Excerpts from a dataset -
□ □ □ □ □

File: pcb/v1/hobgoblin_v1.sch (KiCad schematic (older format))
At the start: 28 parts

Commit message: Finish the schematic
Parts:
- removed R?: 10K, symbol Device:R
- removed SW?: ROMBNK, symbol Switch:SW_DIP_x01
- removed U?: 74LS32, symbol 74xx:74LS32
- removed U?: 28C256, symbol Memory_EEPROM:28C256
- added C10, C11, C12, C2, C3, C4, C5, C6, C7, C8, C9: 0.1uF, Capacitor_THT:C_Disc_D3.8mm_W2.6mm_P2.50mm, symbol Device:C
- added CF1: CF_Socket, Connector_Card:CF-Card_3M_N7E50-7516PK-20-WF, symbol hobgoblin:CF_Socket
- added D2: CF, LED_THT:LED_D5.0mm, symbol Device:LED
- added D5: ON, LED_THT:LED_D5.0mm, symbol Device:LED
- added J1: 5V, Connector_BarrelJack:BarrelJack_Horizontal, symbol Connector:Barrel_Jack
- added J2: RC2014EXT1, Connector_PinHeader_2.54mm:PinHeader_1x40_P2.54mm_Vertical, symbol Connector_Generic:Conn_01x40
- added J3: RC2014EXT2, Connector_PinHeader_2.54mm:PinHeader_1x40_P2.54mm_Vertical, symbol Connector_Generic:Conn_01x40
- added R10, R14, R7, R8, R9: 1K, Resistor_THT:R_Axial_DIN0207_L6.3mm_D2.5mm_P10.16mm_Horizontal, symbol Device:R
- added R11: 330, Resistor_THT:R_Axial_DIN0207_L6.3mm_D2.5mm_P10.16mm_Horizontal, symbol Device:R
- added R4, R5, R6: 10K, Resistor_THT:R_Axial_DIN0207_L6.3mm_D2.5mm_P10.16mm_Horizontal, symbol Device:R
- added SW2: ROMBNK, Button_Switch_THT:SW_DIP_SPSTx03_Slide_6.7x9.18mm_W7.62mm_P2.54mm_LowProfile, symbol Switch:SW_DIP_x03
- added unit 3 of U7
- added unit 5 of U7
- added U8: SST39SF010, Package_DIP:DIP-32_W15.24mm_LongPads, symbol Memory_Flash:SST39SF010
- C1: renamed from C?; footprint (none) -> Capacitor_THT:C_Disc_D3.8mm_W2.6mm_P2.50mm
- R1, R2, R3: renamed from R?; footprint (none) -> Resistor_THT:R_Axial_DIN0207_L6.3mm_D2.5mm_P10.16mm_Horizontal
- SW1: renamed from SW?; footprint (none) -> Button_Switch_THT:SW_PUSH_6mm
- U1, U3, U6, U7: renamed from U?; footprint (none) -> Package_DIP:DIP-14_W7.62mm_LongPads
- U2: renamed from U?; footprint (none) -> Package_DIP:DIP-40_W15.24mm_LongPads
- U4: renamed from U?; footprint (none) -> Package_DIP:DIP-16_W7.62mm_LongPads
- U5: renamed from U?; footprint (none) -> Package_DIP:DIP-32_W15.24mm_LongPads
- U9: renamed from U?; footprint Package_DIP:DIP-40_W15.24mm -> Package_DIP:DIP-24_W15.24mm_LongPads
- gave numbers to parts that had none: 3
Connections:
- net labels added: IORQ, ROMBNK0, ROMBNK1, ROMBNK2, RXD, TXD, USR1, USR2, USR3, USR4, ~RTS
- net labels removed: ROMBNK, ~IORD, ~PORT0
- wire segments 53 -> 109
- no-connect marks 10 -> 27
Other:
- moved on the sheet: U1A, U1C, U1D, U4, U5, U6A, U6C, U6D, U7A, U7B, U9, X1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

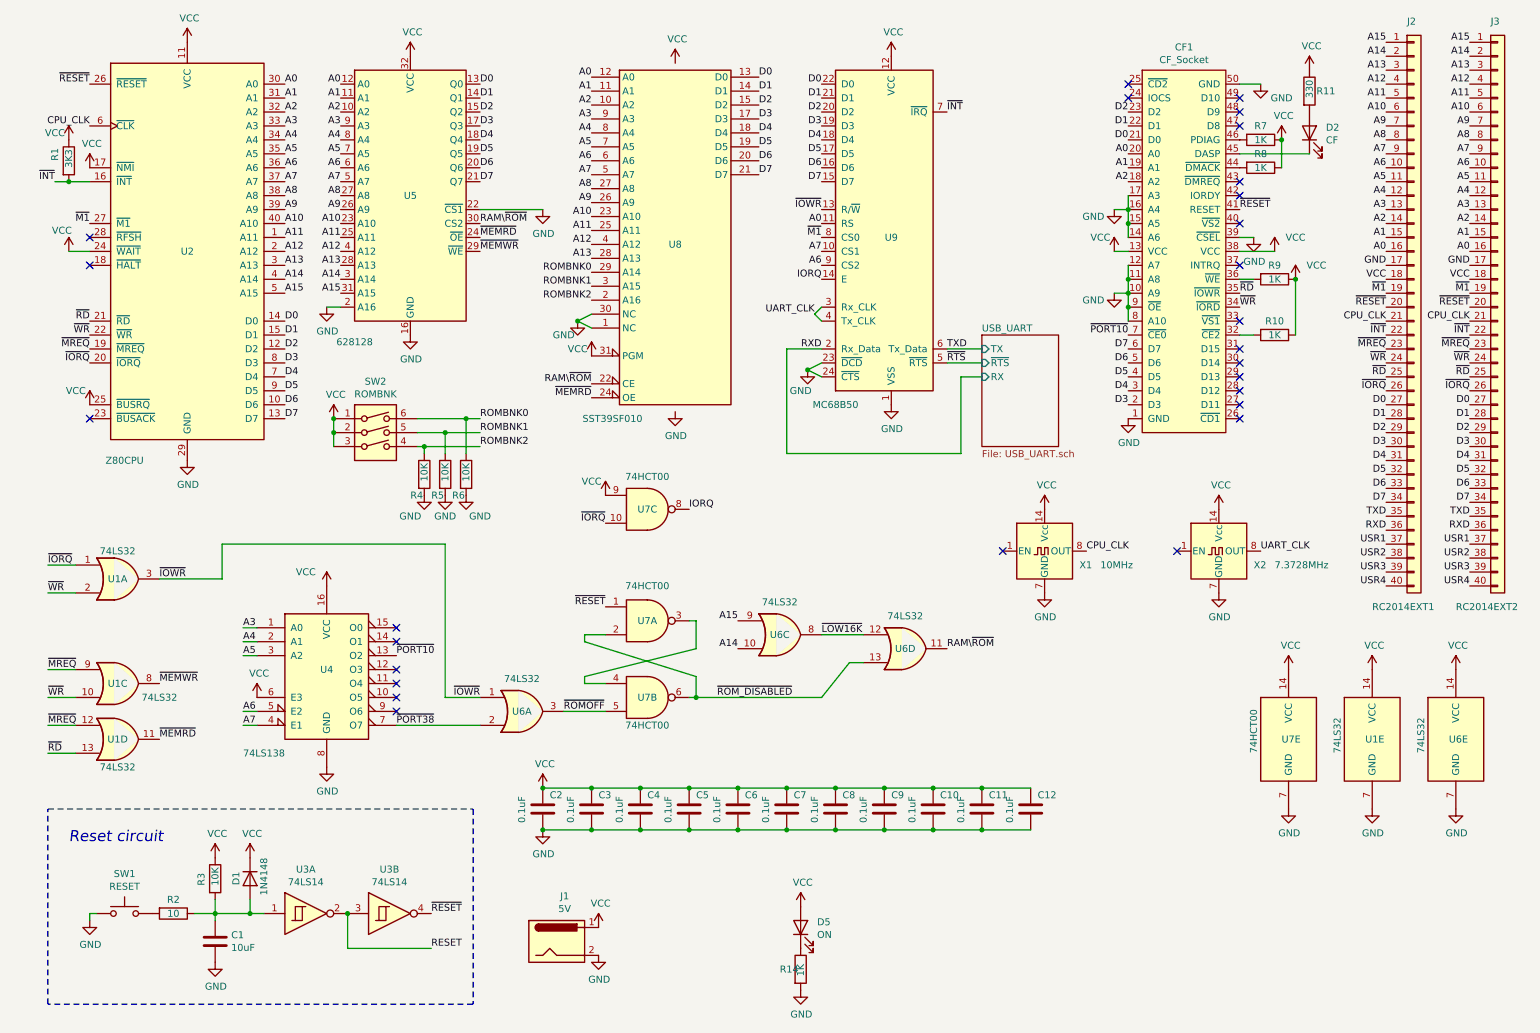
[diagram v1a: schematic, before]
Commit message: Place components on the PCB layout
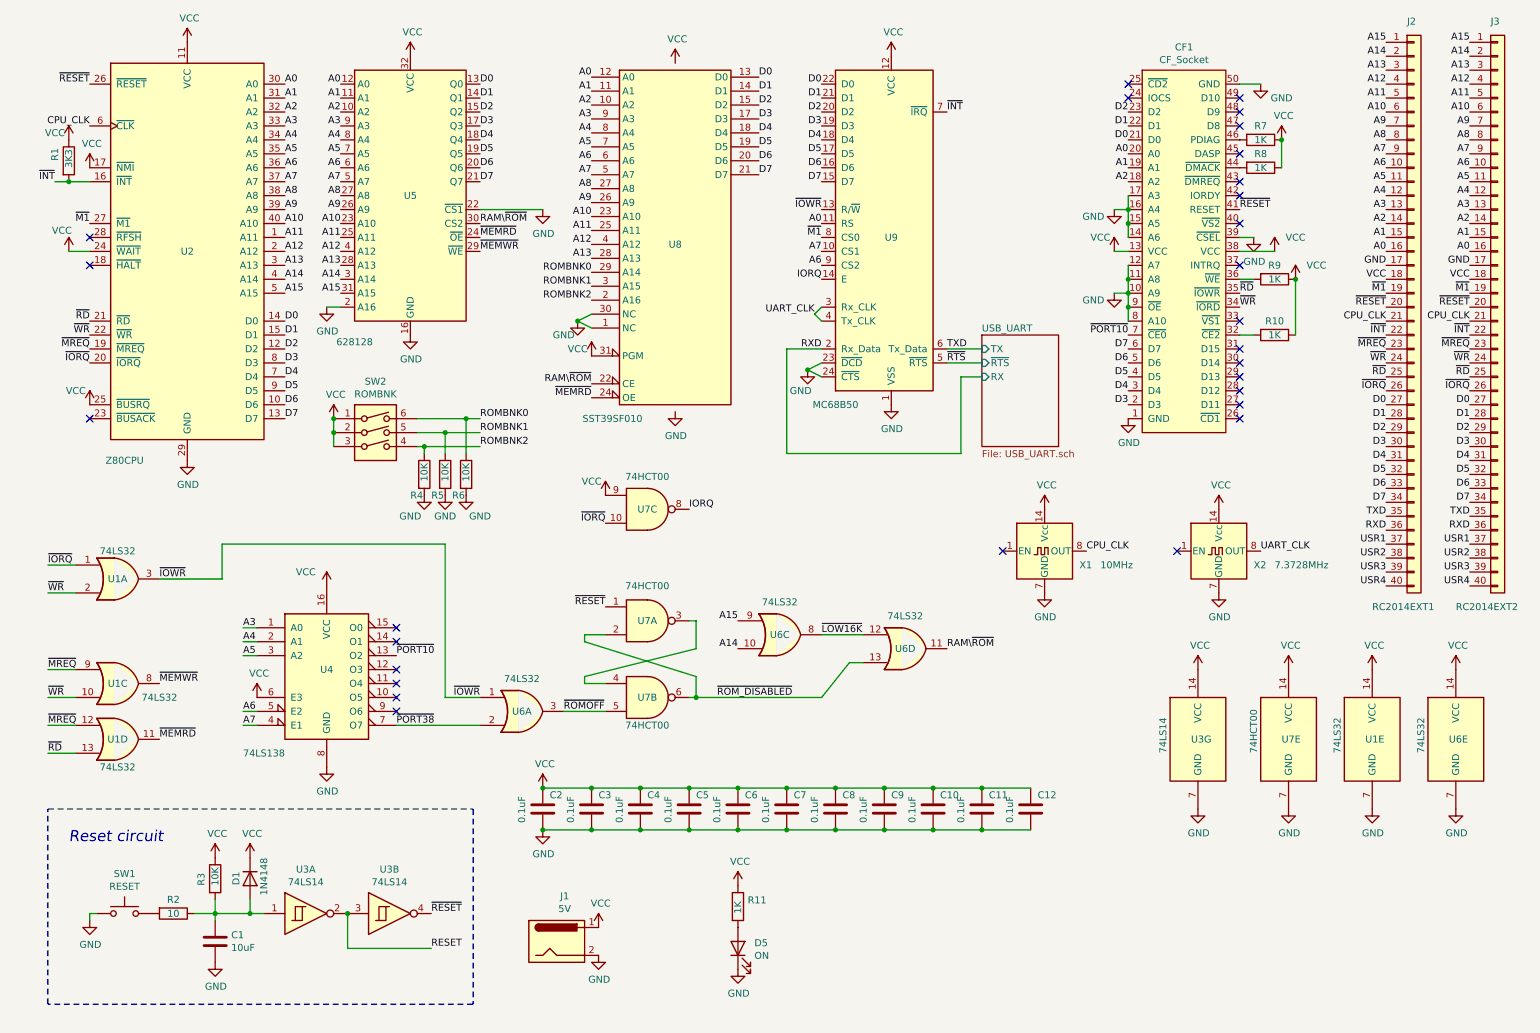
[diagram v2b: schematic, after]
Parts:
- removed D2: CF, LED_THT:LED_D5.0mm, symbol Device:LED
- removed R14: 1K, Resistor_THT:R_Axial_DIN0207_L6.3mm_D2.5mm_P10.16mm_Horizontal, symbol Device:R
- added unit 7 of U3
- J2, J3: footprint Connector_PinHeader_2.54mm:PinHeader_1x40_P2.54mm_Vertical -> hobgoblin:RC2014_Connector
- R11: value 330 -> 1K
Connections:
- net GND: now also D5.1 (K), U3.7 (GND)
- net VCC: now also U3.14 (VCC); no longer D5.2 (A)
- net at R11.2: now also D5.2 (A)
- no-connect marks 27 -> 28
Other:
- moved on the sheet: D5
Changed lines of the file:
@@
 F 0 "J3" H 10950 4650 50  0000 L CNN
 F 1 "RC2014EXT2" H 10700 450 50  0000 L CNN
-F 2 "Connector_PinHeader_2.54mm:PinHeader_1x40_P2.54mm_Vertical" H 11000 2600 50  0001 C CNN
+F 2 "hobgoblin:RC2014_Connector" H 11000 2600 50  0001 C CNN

□ □ □ □ □

Work request - Find out how many lines above hold "marks". Write only the number.

Response - 2